**TO DO:** From the line containing "for points, const_width" down to the last line of the data, output each line word for word and include nothing else.

**PROVIDED INFORMATION:**
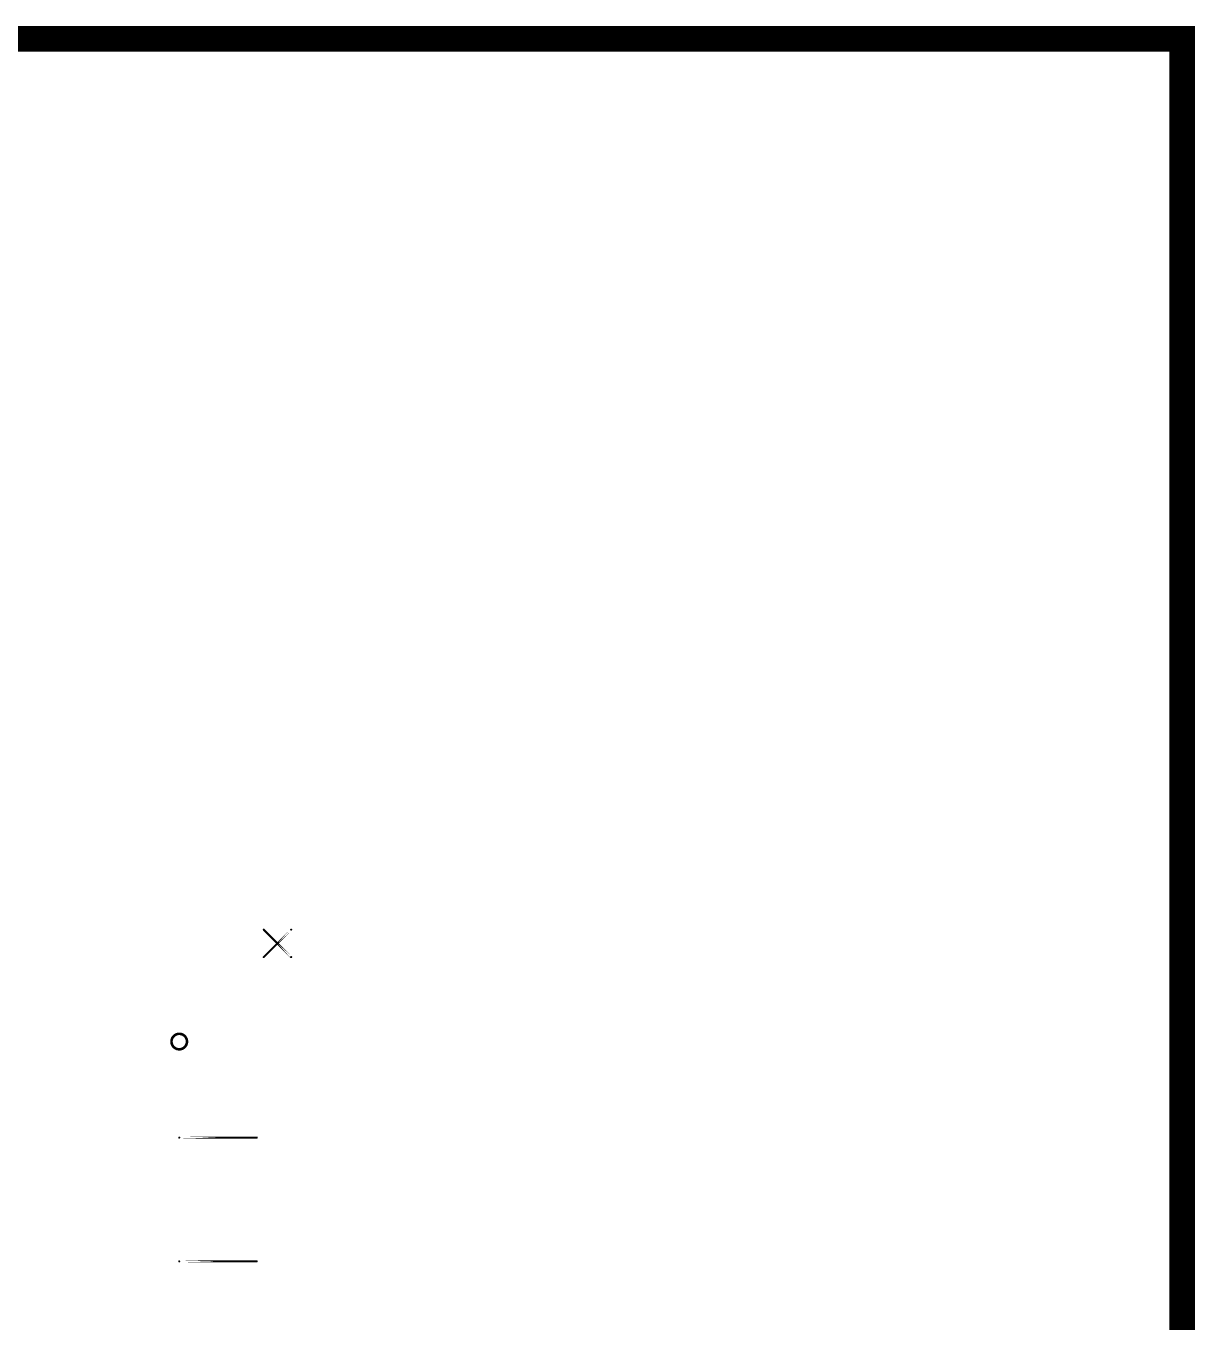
# Model space of a CAD drawing. Extents: x -100 to 100, y -100 to 100.
# Drawn here: x 55.3 to 100.5, y 50.3 to 100.5 of the extents above; entities that cross this region are included whole.
import ezdxf

# ---------------------------------------------------------------- set-up
doc = ezdxf.new("R2010")
doc.units = 0
doc.layers.get('0').update_dxf_attribs({"linetype": 'continuous'})
doc.layers.add('L10', color=7, linetype='continuous')

# ---------------------------------------------------------------- blocks, each defined once
blk = doc.blocks.new('cutlineendpoint')
at = {"const_width": 0.04}
blk.add_lwpolyline([(-0.02, 0, 1), (0.02, 0, 1)], format="xyb", close=True, dxfattribs=at)

msp = doc.modelspace()

# ---------------------------------------------------------------- linework, layer by layer
at = {"layer": 'L10'}
for points, const_width in [([(-100, 100), (100, 100), (100, -100), (-100, -100)], 1), ([(65.53, 65.53), (64.47, 64.47)], 0.08), ([(65.53, 64.47), (64.47, 65.53)], 0.08), ([(61.2, 57.485), (64.2, 57.485)], 0.08), ([(61.2, 52.695), (64.2, 52.695)], 0.08)]:
    msp.add_lwpolyline(points, close=True, dxfattribs=dict(at, const_width=const_width))
at = {"layer": 'L10', "const_width": 0.1}
msp.add_lwpolyline([(60.9, 61.2, 1), (61.5, 61.2, 1)], format="xyb", close=True, dxfattribs=at)

# ---------------------------------------------------------------- block references
at = {"layer": 'L10'}
for p in [(64.47, 65.53), (65.53, 65.53), (64.47, 64.47), (65.53, 64.47), (61.2, 57.485), (64.2, 57.485), (61.2, 52.695), (64.2, 52.695)]:
    msp.add_blockref('cutlineendpoint', p, dxfattribs=at)

doc.saveas('drawing.dxf')

**ANSWER TO THIS EXERCISE:**
for points, const_width in [([(-100, 100), (100, 100), (100, -100), (-100, -100)], 1), ([(65.53, 65.53), (64.47, 64.47)], 0.08), ([(65.53, 64.47), (64.47, 65.53)], 0.08), ([(61.2, 57.485), (64.2, 57.485)], 0.08), ([(61.2, 52.695), (64.2, 52.695)], 0.08)]:
    msp.add_lwpolyline(points, close=True, dxfattribs=dict(at, const_width=const_width))
at = {"layer": 'L10', "const_width": 0.1}
msp.add_lwpolyline([(60.9, 61.2, 1), (61.5, 61.2, 1)], format="xyb", close=True, dxfattribs=at)

# ---------------------------------------------------------------- block references
at = {"layer": 'L10'}
for p in [(64.47, 65.53), (65.53, 65.53), (64.47, 64.47), (65.53, 64.47), (61.2, 57.485), (64.2, 57.485), (61.2, 52.695), (64.2, 52.695)]:
    msp.add_blockref('cutlineendpoint', p, dxfattribs=at)

doc.saveas('drawing.dxf')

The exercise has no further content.